JWT Decoder

Paste a JSON Web Token to read its header, payload and expiry. Decoding happens entirely in your browser — your token is never sent anywhere.

How to decode a JWT

  1. Paste your token into the box above. It decodes automatically as you type.
  2. Read the header (which algorithm signed it) and the payload (the claims — user id, roles, expiry and so on).
  3. Check the claims table to see, at a glance, when the token was issued and whether it has expired.

Decoding is not verifying

A JWT has three dot-separated parts: header.payload.signature. The first two are just base64url-encoded JSON — anyone can read them, which is exactly what this tool does. The signature is what proves the token is genuine, and checking it requires the secret (for HS256) or public key (for RS256). That verification must happen on your server. This page deliberately never asks for your key, because a decoder should never need it.

What the timestamps mean

Payloads often include iat (issued-at), exp (expiry) and nbf (not-before), all as Unix timestamps in seconds. The tool converts them to readable dates and tells you whether the token is still valid or already expired — handy when you are debugging a 401 and wondering if the token simply timed out.

Is it private and safe?

Yes — and for tokens that matters. Many online JWT tools send your token to their server to decode it, which can leak live session tokens. Toolyard decodes entirely in your browser: your token is never uploaded, logged or transmitted. Still, treat production tokens with care and rotate anything you have pasted into any website.
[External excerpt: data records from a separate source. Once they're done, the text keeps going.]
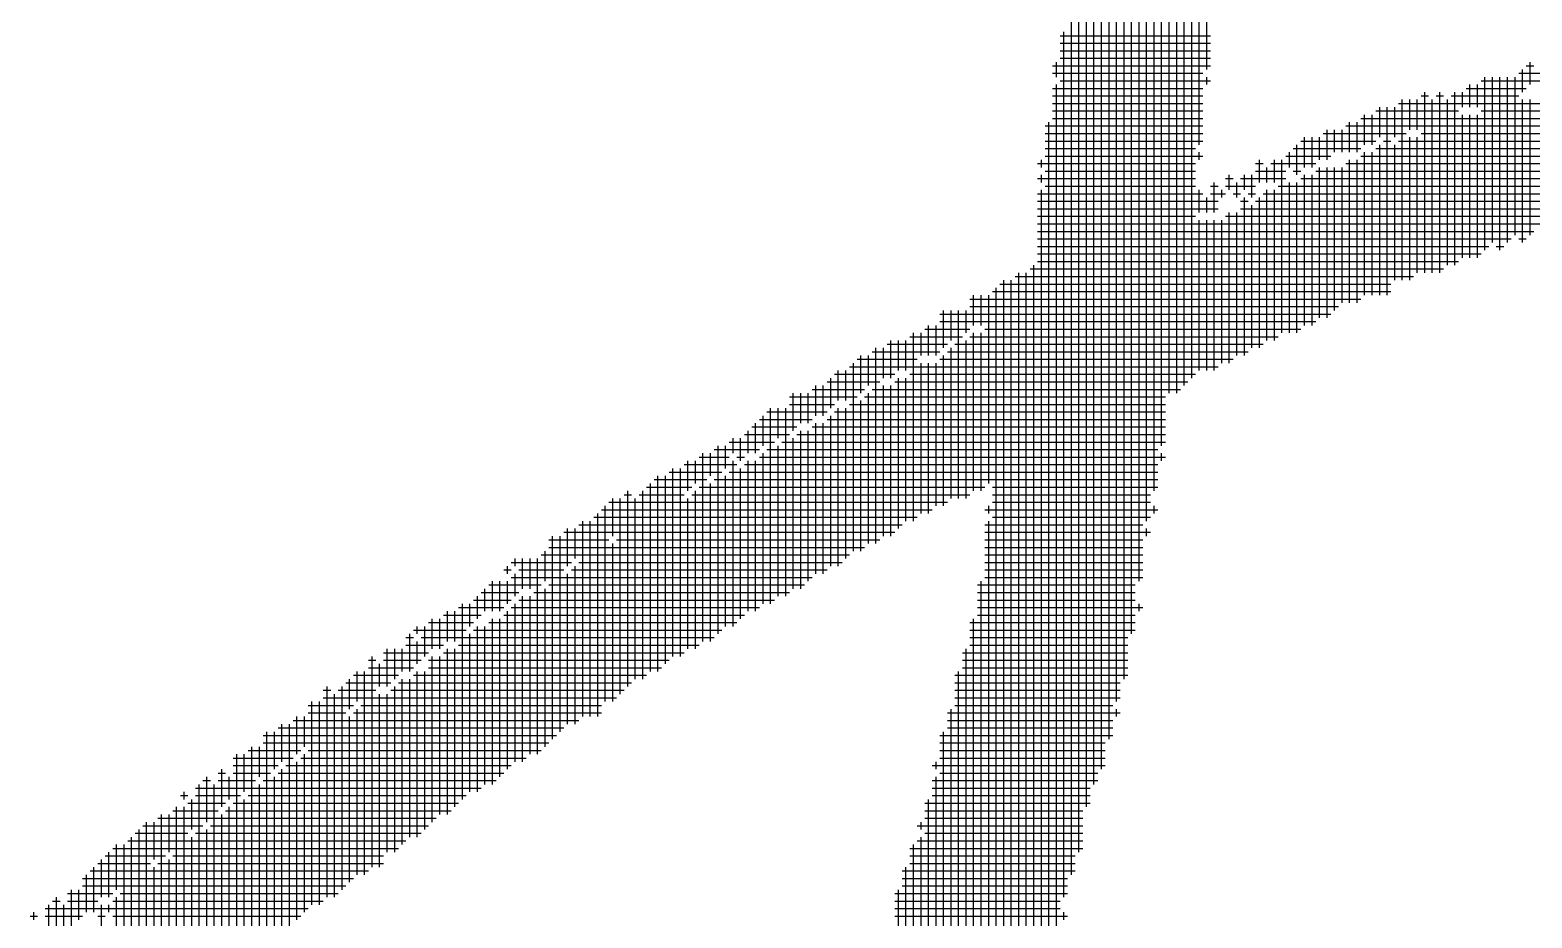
# Model space of a CAD drawing. Header units: feet. Extents: x 0 to 1079770, y 0 to 240000.
# Drawn here: x 954721 to 955476, y 13718 to 14165 of the extents above; entities that cross this region are included whole.
import ezdxf

# ---------------------------------------------------------------- set-up
doc = ezdxf.new("R2010")
doc.units = ezdxf.units.FT
doc.header["$LTSCALE"] = 2200
doc.header["$MEASUREMENT"] = 0
doc.layers.add('CX-MISC', color=2, linetype='CONTINUOUS')

msp = doc.modelspace()

# ---------------------------------------------------------------- linework, layer by layer
at = {"layer": 'CX-MISC'}
for p, q in [((955312.47, 14144.68, 9817.04), (955312.47, 14628.52, 9817.04)), ((955308.69, 14106.88, 9817.04), (955308.69, 14620.96, 9817.04)), ((955304.91, 13989.7, 9817.04), (955304.91, 14613.4, 9817.04)), ((955301.13, 13985.92, 9817.04), (955301.13, 14605.84, 9817.04)), ((955297.35, 13982.14, 9817.04), (955297.35, 14590.72, 9817.04)), ((955293.57, 13982.14, 9817.04), (955293.57, 14583.16, 9817.04)), ((955289.79, 13955.68, 9817.04), (955289.79, 14568.04, 9817.04)), ((955286.01, 13933, 9817.04), (955286.01, 14564.26, 9817.04)), ((955282.23, 13917.88, 9817.04), (955282.23, 14526.46, 9817.04)), ((955278.45, 13887.64, 9817.04), (955278.45, 14515.12, 9817.04)), ((955274.67, 13861.18, 9817.04), (955274.67, 14503.78, 9817.04)), ((955270.89, 13838.5, 9817.04), (955270.89, 14469.76, 9817.04)), ((955267.11, 13827.16, 9817.04), (955267.11, 14447.08, 9817.04)), ((955263.33, 13808.26, 9817.04), (955263.33, 14416.84, 9817.04)), ((955259.55, 13793.14, 9817.04), (955259.55, 14356.36, 9817.04)), ((955255.77, 13785.58, 9817.04), (955255.77, 14341.24, 9817.04)), ((955251.99, 13774.24, 9817.04), (955251.99, 14314.78, 9817.04)), ((955248.21, 13751.56, 9817.04), (955248.21, 14235.4, 9817.04)), ((955244.43, 13740.22, 9817.04), (955244.43, 14212.72, 9817.04)), ((955238.76, 14161.69, 9817.04), (955314.36, 14161.69, 9817.04)), ((955238.76, 14157.91, 9817.04), (955314.36, 14157.91, 9817.04)), ((955240.65, 13728.88, 9817.04), (955240.65, 14163.58, 9817.04)), ((955238.76, 14154.13, 9817.04), (955314.36, 14154.13, 9817.04)), ((955238.76, 14150.35, 9817.04), (955314.36, 14150.35, 9817.04)), ((955234.98, 14146.57, 9817.04), (955314.36, 14146.57, 9817.04)), ((955234.98, 14142.79, 9817.04), (955310.58, 14142.79, 9817.04)), ((955236.87, 14140.9, 9817.04), (955236.87, 14148.46, 9817.04)), ((955469.34, 14142.79, 9817.04), (955499.58, 14142.79, 9817.04)), ((955471.23, 14133.34, 9817.04), (955471.23, 14144.68, 9817.04)), ((955473.12, 14146.57, 9817.04), (955476.9, 14146.57, 9817.04)), ((955475.01, 14137.12, 9817.04), (955475.01, 14148.46, 9817.04)), ((955234.98, 14135.23, 9817.04), (955310.58, 14135.23, 9817.04)), ((955236.87, 13709.98, 9817.04), (955236.87, 14137.12, 9817.04)), ((955238.76, 14139.01, 9817.04), (955314.36, 14139.01, 9817.04)), ((955312.47, 14137.12, 9817.04), (955312.47, 14140.9, 9817.04)), ((955442.88, 14135.23, 9817.04), (955473.12, 14135.23, 9817.04)), ((955444.77, 14125.78, 9817.04), (955444.77, 14137.12, 9817.04)), ((955448.55, 14125.78, 9817.04), (955448.55, 14137.12, 9817.04)), ((955450.44, 14139.01, 9817.04), (955492.02, 14139.01, 9817.04)), ((955452.33, 14053.96, 9817.04), (955452.33, 14140.9, 9817.04)), ((955456.11, 14057.74, 9817.04), (955456.11, 14140.9, 9817.04)), ((955459.89, 14053.96, 9817.04), (955459.89, 14140.9, 9817.04)), ((955463.67, 14057.74, 9817.04), (955463.67, 14140.9, 9817.04)), ((955467.45, 14061.52, 9817.04), (955467.45, 14140.9, 9817.04)), ((955234.98, 14131.45, 9817.04), (955310.58, 14131.45, 9817.04)), ((955234.98, 14127.67, 9817.04), (955310.58, 14127.67, 9817.04)), ((955408.86, 14127.67, 9817.04), (955715.04, 14127.67, 9817.04)), ((955410.75, 14038.84, 9817.04), (955410.75, 14129.56, 9817.04)), ((955414.53, 14114.44, 9817.04), (955414.53, 14129.56, 9817.04)), ((955418.31, 14114.44, 9817.04), (955418.31, 14129.56, 9817.04)), ((955420.2, 14131.45, 9817.04), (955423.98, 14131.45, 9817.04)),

Frequently asked questions

Is decoding the same as verifying?

No. Decoding reads the header and payload. Verifying checks the signature with the key, which happens on your server — not in a decoder.

Why can anyone read a JWT?

The header and payload are base64url-encoded, not encrypted. Encoding is not secrecy — never store passwords or secrets in a payload.

Is my token sent anywhere?

Never. It is decoded in your browser and is not uploaded or logged. You can even go offline after the page loads.

What are iat, exp and nbf?

Issued-at, expiry and not-before times, as Unix timestamps in seconds. The tool shows them as dates and flags expired tokens.

Why does my token show as invalid?

A JWT needs three parts separated by dots and each must be valid base64url. A truncated or malformed token cannot be decoded.